Günümüzde bile pozitif bilimler dünya kadar bilimsellikle boğuşurken ondört asır önce çölün ortasında okuma yazma bilmeyen bir ümmi’nin fiziğin ötesine taşan bir ilmi Rabbinden talep etmesi ve “Allahım mevcudâtı hakikatine uygun olarak bize göster” diyerek yakarması derin bir anlayışı gösteren muazzam bir olaydır. İşte bu dualara icabet eden Rabbimiz Ona perdenin arkasından bir çok ilim vermiştir. Bu nedenle Efendimiz şöyle diyordu; “Hiç şüphesiz ki ben sizin görmediğiniz şeyleri görüyorum. Sema çatırdadı. Çatırdamakta da haklı, zira semada dört parmak miktarı boş hiçbir yer yok ki bir melek alnını oraya koyup Allaha secde etmiş olmasın. Allah’a yemin ederim ki şayet siz benim bildiklerimi bilseydiniz az güler çok ağlardınız. Yataklarda kadınlardan lezzet almaz, dağlara çıkıp Allah’ın yardımını isterdiniz.(8)”

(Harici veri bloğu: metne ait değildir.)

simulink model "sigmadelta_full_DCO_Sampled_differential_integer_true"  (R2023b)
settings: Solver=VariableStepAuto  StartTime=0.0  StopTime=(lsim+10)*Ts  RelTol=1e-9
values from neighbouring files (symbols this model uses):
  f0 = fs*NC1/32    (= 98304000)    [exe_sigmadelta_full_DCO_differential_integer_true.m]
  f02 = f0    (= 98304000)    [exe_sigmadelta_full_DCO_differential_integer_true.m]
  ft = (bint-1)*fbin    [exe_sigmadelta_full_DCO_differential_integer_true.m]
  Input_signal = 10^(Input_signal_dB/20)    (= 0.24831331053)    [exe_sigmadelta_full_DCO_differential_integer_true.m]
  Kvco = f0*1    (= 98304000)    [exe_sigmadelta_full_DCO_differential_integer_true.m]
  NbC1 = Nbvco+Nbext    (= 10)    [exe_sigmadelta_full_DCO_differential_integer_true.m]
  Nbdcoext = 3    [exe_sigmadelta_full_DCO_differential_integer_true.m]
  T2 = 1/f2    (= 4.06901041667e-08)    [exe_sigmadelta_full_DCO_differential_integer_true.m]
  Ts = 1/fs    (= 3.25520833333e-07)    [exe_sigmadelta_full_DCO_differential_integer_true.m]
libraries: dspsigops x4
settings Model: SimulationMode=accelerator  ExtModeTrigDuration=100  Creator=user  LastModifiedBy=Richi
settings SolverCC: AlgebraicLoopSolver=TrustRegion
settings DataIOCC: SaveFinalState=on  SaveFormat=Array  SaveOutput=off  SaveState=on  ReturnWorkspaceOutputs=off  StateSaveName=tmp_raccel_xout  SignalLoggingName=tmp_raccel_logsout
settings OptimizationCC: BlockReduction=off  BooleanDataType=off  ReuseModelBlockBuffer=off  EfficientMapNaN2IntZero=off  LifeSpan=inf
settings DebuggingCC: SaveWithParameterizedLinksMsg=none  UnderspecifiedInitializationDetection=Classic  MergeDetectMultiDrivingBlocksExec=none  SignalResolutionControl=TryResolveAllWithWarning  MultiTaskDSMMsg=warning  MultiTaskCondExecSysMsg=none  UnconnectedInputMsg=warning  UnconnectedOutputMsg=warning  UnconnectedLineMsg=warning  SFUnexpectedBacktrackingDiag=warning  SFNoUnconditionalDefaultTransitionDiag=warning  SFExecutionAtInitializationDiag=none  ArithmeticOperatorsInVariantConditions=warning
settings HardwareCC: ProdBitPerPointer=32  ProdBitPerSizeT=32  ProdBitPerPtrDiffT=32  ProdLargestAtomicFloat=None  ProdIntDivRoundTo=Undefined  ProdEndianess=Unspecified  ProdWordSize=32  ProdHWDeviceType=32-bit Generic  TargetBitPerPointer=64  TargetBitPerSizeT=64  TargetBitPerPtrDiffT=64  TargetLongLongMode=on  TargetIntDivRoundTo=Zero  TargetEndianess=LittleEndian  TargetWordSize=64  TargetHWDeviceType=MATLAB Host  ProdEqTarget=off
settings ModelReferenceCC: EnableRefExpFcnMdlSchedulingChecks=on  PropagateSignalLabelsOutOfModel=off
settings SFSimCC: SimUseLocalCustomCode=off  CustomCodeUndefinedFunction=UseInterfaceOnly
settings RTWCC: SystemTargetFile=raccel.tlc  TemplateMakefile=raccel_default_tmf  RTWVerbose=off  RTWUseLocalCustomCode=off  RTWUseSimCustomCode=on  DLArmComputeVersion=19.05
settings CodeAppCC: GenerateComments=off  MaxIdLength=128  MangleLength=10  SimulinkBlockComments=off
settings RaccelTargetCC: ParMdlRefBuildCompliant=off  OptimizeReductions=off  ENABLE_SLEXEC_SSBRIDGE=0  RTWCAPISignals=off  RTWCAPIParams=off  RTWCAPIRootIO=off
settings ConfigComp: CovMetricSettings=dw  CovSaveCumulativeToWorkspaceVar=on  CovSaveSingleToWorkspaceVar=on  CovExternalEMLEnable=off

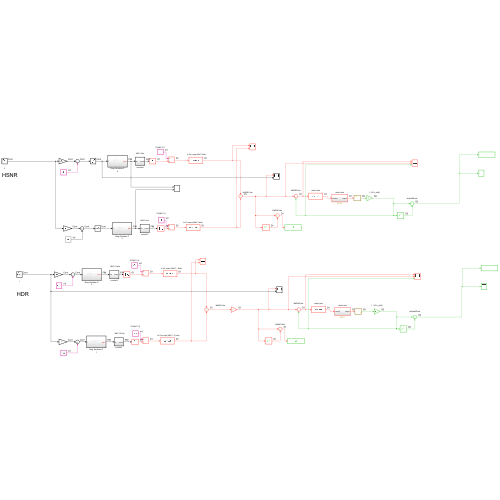
[thumbnail: Simulink's stored preview of the top-level diagram]
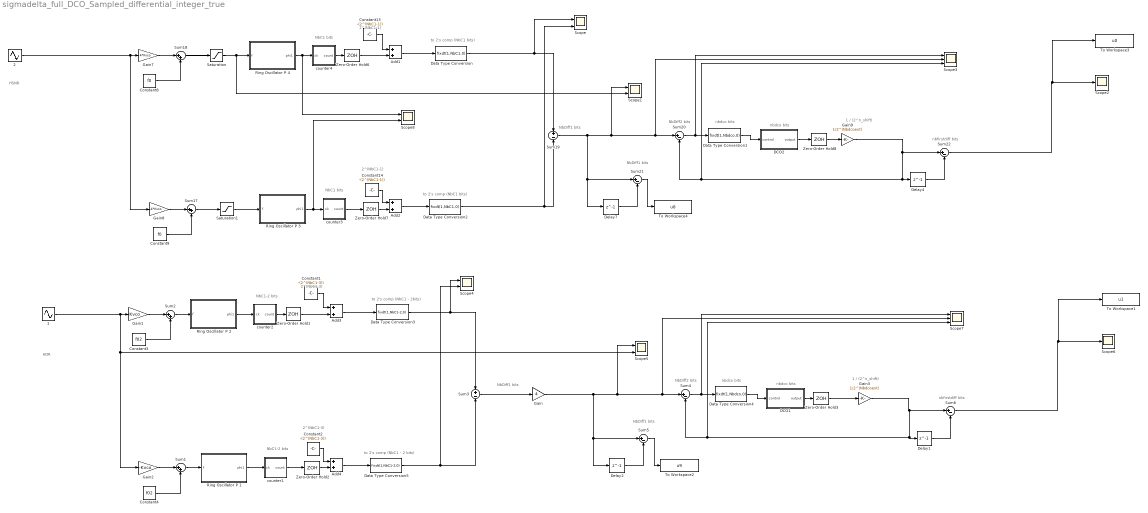
== system sigmadelta_full_DCO_Sampled_differential_integer_true ==
  note: HSNR
  note: nbfirstdiff bits
  note: 1 / (2^n_shift)
  note: nbdco bits
  note: NbDiff2 bits
  note: nbdco bits
  note: NbDiff1 bits
  note: 2^(NbC1-1)
  note: NbC1 bits
  note: NbC1 bits
  note: 2^(NbC1-1)
  note: to 2's comp (NbC1 bits)
  note: to 2's comp (NbC1 bits)
  note: NbDiff1 bits
  note: nbfirstdiff bits
  note: 1 / (2^n_shift)
  note: NbDiff1 bits
  note: to 2's comp (NbC1 - 2 bits)
  note: NbC1-2 bits
  note: nbdco bits
  note: NbDiff1 bits
  note: to 2's comp (NbC1 - 2bits)
  note: NbDiff2 bits
  note: NbC1-2 bits
  note: 2^(NbC1-3)
  note: nbdco bits
  note: 2^(NbC1-3)
  note: HDR
  " 1" : Sin  Amplitude=Input_signal  Frequency=2*pi*ft  SampleTime=0
  " 2" : Sin  Amplitude=Input_signal  Frequency=2*pi*ft  SampleTime=0
  Add{1..4} (4 alike) : Sum
  Constant1 : Constant  Value=-(2^(NbC1-3))
  Constant13 : Constant  Value=-(2^(NbC1-1))
  Constant14 : Constant  Value=-(2^(NbC1-1))
  Constant2 : Constant  Value=-(2^(NbC1-3))
  Constant3 : Constant  Value=f02
  Constant4 : Constant  Value=f02
  Constant8 : Constant  Value=f0
  Constant9 : Constant  Value=f0
  DCO1 : Subsystem
  DCO2 : Subsystem
  Data Type Conversion : DataTypeConversion  OutDataTypeStr=fixdt(1,NbC1,0)  SaturateOnIntegerOverflow=off  RndMeth=Floor
  Data Type Conversion1 : DataTypeConversion  OutDataTypeStr=fixdt(1,Nbdco,0)  SaturateOnIntegerOverflow=off  RndMeth=Floor
  Data Type Conversion2 : DataTypeConversion  OutDataTypeStr=fixdt(1,NbC1,0)  SaturateOnIntegerOverflow=off  RndMeth=Floor
  Data Type Conversion3 : DataTypeConversion  OutDataTypeStr=fixdt(1,NbC1-2,0)  SaturateOnIntegerOverflow=off  RndMeth=Floor
  Data Type Conversion4 : DataTypeConversion  OutDataTypeStr=fixdt(1,Nbdco,0)  SaturateOnIntegerOverflow=off  RndMeth=Floor
  Data Type Conversion5 : DataTypeConversion  OutDataTypeStr=fixdt(1,NbC1-2,0)  SaturateOnIntegerOverflow=off  RndMeth=Floor
  Delay1 : Delay  DelayLength=1  SampleTime=Ts
  Delay2 : Delay  DelayLength=1  SampleTime=T2
  Delay4 : Delay  DelayLength=1  SampleTime=Ts
  Delay7 : Delay  DelayLength=1  SampleTime=T2
  Gain : Gain  Gain=4  OutDataTypeStr=fixdt(1,NbDiff1,0)
  Gain1 : Gain  Gain=Kvco
  Gain2 : Gain  Gain=-Kvco
  Gain3 : Gain  Gain=1/2^(Nbdcoext)  OutDataTypeStr=fixdt(1,Nbvco+Nbext,0)
  Gain7 : Gain  Gain=4*Kvco
  Gain8 : Gain  Gain=-4*Kvco
  Gain9 : Gain  Gain=1/2^(Nbdcoext)  OutDataTypeStr=fixdt(1,Nbsd,0)
  Ring Oscillator P 1 : Subsystem
  Ring Oscillator P 2 : Subsystem
  Ring Oscillator P 3 : Subsystem
  Ring Oscillator P 4 : Subsystem
  Saturation : Saturate  UpperLimit=2*f0  LowerLimit=0
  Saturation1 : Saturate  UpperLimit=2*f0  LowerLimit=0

Bize merhamet etmeyenleri üzerimize otorite yapma; Bize merahmet etmeyen bir yöneticiyi üzerimize musallat etme. Bize acımayan, şefkat ve nezaket ile yaklaşmayan kimseleri bizim üzerimize güç, kuvvet ve iktidar sahibi yapma.

Her insanın üzerinde bir otorite vardır. Bu otorite anne, baba, koca ve öğretmenden tutun da siyasi iktidara hatta uluslararası güç odaklarına kadar uzanabilir.

Bir işçinin veya memurun kendisine acımayan zalim bir patronun veya amirin altında ne sıkıntılar çektiğini müşahade ettiğimiz dünyamızda – zira bu durumdaki bir kimse ne işi bırakabiliyor ne de devam edebiliyor- halkına merhamet etmeyip sadece kendi çıkarları için çalışan yöneticilerin altında ızdırap çeken halkları gördüğümüz günümüzde ey yüce Peygamber! Senin öğrettiğin bu duanın ne demek olduğunu çok iyi anlıyoruz. En güzel selamlar senin üzerine olsun.

Rabbim Efendimiz’in (S.A.V) Dua’ları ile sana iltica ediyoruz. Rabbim Efendimiz (S.A.V)  duası ile onun ummetim kardeşlerim duasına nail olmayı nasip eylesin RABBİM AZZE VE CELLE…

HATİCE BAŞKAN

Dipnotlar:

1) Furkan: 77.

2)Bakara: 186.

3) Ebu Davud, Edeb 103, Tirmizi Daavat 34.

4) Ebu Dâvud, Libas 1, Tirmizi, Libas 28.

5) Maalesef günümüzde bir çok insan manasız ve anlamsız bir hayat yaşamakta, böylece duygu anlam ve his yoksulu bir nesil türemektedir.

6) Tirmizi, Daavât 80.

7) Buhari, Megazi 60, Müslim, İman 29.